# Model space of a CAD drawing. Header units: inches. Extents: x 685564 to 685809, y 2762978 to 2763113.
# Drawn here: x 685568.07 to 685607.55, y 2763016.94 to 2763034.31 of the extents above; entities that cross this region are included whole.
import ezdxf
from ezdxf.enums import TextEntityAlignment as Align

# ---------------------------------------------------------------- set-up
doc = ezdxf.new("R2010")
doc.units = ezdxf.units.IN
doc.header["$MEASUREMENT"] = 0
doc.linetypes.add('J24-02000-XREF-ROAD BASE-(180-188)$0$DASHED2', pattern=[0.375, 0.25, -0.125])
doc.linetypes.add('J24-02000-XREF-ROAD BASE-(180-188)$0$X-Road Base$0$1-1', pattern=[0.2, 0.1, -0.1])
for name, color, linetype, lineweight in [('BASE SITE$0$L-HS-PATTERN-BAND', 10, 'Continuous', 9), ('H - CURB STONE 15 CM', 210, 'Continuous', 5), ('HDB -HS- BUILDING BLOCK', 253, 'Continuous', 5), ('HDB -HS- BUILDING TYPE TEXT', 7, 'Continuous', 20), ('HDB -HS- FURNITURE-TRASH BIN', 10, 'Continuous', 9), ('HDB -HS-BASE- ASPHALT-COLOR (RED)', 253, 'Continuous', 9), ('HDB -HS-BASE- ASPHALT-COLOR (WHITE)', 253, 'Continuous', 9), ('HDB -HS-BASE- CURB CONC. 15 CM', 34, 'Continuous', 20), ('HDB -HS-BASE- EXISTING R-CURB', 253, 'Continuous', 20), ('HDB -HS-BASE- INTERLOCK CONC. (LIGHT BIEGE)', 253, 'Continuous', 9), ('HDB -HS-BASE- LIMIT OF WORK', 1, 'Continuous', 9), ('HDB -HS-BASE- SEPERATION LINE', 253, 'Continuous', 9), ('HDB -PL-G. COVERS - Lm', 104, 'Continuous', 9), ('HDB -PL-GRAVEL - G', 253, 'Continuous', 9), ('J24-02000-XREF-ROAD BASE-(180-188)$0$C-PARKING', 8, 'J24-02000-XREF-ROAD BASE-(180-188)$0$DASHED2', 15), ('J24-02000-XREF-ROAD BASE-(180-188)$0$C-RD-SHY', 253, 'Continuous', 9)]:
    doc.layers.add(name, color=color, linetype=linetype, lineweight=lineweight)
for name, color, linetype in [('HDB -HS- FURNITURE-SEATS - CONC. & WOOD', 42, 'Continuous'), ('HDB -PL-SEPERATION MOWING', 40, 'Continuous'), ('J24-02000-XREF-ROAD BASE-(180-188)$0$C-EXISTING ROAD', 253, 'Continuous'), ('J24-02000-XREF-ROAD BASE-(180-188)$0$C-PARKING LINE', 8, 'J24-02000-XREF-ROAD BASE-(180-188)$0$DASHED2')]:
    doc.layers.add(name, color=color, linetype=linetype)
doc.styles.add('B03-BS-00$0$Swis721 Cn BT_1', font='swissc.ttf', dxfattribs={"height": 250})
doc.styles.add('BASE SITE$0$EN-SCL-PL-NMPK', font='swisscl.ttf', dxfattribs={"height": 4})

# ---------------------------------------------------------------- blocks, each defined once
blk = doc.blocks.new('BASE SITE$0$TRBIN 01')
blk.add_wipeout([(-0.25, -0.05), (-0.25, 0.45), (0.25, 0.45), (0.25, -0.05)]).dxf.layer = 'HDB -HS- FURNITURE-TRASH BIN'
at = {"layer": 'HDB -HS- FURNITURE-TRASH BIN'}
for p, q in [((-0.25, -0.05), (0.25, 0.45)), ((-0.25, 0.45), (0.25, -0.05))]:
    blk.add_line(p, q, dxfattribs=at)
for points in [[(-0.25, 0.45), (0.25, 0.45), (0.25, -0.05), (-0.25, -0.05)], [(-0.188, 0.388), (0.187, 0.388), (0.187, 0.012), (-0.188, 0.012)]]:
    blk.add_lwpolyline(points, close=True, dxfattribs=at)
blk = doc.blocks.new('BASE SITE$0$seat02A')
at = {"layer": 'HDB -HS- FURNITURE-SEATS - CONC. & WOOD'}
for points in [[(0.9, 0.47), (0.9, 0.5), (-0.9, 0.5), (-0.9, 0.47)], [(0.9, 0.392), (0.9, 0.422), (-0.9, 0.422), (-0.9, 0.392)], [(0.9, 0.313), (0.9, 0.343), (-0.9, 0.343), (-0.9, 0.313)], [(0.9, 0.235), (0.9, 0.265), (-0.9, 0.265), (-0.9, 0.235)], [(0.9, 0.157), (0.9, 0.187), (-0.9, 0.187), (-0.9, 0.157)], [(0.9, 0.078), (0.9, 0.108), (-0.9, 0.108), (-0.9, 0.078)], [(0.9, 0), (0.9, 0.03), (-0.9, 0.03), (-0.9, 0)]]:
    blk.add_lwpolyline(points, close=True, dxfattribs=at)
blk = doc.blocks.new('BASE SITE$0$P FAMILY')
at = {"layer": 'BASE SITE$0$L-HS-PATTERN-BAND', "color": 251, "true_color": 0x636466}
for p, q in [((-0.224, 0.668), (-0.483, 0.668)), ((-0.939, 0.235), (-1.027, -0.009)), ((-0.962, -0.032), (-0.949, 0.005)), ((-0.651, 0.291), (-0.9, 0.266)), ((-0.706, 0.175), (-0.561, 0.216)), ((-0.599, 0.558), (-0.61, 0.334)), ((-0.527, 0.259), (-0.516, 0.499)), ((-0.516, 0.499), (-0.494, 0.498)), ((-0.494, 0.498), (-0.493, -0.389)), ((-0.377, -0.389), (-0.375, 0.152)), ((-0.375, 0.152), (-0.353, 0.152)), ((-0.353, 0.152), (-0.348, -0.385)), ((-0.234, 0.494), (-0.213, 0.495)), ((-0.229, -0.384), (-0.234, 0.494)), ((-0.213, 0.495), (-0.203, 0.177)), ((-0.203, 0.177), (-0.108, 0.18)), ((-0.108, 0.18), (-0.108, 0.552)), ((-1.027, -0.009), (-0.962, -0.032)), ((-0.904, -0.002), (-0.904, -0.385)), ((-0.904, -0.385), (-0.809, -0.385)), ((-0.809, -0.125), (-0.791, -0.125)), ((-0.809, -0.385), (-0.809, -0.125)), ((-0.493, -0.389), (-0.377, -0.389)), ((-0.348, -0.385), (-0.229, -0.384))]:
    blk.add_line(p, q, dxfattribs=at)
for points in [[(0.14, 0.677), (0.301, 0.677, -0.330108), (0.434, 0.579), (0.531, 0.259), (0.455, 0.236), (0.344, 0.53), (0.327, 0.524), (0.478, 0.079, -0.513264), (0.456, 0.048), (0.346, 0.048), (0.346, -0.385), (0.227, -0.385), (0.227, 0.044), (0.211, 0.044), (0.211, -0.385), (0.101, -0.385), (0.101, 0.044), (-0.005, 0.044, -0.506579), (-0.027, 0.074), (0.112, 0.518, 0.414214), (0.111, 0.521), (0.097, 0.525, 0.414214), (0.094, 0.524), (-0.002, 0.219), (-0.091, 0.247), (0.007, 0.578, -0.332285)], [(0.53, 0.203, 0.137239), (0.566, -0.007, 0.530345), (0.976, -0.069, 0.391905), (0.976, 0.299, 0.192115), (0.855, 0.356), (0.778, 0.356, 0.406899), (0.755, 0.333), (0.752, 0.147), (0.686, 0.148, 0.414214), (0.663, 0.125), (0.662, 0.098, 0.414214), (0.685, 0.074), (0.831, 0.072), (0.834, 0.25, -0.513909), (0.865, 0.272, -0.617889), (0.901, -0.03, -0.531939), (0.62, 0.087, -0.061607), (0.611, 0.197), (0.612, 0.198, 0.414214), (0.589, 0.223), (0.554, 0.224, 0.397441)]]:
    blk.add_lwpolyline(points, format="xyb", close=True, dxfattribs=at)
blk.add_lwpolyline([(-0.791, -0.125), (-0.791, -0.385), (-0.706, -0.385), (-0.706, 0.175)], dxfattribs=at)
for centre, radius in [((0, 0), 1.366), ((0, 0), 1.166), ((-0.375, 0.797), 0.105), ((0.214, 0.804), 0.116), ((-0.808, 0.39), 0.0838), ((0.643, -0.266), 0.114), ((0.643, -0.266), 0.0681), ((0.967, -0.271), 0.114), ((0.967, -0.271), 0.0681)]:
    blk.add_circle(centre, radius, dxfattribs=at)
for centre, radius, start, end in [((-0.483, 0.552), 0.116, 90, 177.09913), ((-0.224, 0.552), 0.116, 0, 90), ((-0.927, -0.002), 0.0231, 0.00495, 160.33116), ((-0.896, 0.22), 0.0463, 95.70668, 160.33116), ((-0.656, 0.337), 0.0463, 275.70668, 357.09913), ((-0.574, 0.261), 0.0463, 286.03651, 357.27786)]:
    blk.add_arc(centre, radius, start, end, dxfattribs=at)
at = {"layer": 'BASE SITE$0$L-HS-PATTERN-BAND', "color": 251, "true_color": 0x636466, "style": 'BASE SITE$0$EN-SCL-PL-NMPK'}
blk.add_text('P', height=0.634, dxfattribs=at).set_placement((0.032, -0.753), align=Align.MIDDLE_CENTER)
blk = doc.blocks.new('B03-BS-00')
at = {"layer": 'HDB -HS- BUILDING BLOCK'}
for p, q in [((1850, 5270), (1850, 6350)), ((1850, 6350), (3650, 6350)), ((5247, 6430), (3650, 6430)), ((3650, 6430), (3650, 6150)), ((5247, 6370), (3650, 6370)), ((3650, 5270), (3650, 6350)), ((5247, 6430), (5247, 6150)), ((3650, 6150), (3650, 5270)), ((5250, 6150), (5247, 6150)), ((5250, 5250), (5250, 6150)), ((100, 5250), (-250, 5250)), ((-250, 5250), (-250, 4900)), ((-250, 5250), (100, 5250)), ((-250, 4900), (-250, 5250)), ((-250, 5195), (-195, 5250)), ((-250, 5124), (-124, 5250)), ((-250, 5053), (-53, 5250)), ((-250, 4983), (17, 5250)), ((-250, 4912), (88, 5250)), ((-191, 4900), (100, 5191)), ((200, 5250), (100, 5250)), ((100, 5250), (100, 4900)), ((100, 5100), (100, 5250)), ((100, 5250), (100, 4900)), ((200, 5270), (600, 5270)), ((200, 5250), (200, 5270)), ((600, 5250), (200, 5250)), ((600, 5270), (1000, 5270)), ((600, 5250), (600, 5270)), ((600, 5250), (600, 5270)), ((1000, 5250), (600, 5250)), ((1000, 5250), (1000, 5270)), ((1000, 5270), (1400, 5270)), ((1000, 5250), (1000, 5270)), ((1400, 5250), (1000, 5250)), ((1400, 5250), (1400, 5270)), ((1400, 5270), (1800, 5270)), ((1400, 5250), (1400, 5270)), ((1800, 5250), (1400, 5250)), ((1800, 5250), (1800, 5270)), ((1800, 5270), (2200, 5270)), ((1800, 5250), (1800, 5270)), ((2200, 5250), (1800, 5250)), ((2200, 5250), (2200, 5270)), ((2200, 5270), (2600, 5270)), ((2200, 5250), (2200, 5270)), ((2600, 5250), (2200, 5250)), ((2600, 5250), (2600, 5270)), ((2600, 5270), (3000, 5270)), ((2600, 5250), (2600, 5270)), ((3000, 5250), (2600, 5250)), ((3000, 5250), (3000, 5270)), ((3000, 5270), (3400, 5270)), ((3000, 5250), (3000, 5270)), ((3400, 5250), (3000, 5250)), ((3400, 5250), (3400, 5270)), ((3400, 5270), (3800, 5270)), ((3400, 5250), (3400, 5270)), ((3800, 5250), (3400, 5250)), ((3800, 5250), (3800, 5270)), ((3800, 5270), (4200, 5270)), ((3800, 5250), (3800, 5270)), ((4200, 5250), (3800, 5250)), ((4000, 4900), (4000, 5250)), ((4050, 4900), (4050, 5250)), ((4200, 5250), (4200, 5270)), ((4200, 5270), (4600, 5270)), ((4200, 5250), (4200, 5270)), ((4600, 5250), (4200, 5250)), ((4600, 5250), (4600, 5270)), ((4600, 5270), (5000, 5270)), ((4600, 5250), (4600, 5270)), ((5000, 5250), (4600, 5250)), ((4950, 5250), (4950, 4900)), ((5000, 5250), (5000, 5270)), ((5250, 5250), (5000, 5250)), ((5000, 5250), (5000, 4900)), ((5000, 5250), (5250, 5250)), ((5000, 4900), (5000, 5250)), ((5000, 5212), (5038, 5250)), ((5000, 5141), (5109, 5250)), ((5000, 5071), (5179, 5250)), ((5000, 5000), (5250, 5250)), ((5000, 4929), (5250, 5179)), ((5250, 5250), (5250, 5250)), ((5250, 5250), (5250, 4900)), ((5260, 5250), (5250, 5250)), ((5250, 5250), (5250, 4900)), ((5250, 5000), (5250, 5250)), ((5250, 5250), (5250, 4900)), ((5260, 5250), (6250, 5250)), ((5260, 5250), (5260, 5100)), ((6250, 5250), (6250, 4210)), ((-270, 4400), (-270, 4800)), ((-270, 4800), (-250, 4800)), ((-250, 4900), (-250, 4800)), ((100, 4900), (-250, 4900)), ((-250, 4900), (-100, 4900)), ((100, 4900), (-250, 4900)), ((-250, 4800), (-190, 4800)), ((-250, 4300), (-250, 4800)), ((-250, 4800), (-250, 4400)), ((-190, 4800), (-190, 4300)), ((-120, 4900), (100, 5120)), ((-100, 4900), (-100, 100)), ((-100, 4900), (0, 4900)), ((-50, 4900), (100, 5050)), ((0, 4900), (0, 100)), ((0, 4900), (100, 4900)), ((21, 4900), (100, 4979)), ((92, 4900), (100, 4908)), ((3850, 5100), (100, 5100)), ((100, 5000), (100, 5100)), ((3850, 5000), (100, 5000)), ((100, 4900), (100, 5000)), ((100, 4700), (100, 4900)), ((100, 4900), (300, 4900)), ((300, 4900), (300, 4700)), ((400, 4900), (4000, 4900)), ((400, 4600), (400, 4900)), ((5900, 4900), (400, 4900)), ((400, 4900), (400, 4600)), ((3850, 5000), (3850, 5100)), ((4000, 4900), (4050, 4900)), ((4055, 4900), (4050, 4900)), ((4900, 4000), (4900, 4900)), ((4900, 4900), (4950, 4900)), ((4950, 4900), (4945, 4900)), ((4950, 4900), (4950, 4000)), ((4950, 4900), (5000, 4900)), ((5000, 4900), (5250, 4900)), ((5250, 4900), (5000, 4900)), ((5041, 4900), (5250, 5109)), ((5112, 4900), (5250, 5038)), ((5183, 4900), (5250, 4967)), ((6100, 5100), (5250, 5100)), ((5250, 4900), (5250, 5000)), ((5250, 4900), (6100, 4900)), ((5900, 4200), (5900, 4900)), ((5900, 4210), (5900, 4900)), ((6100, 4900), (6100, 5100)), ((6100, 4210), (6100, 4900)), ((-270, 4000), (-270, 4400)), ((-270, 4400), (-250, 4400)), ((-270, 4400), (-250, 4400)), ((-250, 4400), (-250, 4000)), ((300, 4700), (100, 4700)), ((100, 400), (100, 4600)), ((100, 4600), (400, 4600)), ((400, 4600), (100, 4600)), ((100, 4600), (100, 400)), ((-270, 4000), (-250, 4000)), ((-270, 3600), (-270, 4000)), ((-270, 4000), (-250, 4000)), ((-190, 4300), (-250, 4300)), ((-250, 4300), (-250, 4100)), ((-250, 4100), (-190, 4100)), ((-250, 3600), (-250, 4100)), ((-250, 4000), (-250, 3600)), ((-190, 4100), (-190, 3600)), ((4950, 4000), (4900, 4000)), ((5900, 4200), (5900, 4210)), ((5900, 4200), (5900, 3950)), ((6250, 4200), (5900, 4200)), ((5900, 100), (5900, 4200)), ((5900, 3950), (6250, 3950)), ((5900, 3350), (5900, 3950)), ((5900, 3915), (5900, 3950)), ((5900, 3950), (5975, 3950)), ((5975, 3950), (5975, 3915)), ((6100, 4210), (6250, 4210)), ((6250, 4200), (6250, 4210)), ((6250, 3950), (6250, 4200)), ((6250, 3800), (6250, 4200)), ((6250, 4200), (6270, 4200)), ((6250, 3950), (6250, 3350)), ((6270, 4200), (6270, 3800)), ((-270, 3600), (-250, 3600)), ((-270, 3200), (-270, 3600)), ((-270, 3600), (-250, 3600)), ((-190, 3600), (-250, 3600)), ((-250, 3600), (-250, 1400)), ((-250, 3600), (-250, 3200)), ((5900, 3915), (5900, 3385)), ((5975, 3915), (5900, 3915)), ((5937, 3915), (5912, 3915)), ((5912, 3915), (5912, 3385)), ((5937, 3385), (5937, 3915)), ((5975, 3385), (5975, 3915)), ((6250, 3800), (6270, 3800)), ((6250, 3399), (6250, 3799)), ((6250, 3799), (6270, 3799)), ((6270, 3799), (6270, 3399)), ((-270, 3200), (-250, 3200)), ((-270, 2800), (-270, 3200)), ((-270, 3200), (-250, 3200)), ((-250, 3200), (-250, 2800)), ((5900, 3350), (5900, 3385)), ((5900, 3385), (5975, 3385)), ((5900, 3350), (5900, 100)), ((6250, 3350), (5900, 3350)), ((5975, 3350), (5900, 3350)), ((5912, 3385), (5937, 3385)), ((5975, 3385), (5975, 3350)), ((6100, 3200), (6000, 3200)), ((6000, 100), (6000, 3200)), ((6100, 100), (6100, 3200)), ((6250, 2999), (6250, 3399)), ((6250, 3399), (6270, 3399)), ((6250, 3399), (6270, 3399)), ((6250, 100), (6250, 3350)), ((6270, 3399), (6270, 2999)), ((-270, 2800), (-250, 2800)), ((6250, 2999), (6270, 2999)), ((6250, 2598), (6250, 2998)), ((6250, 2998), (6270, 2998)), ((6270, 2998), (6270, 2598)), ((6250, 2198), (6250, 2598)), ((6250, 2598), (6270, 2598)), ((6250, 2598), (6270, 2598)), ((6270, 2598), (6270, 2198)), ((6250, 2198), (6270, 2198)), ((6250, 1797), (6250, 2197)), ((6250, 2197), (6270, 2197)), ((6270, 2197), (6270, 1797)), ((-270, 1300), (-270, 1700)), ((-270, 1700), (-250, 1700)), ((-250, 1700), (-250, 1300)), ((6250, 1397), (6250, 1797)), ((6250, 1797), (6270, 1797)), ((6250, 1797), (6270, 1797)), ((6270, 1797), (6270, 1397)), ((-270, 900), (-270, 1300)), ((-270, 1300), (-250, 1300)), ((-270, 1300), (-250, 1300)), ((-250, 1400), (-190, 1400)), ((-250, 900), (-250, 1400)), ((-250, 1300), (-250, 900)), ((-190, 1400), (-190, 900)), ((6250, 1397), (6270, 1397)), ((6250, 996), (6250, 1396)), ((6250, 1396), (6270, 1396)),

*EXERCISE OBJECTIVE*
Pull every line containing "start" from the data.

*COMPLETED TASK*
for centre, radius, start, end in [((-0.483, 0.552), 0.116, 90, 177.09913), ((-0.224, 0.552), 0.116, 0, 90), ((-0.927, -0.002), 0.0231, 0.00495, 160.33116), ((-0.896, 0.22), 0.0463, 95.70668, 160.33116), ((-0.656, 0.337), 0.0463, 275.70668, 357.09913), ((-0.574, 0.261), 0.0463, 286.03651, 357.27786)]:
    blk.add_arc(centre, radius, start, end, dxfattribs=at)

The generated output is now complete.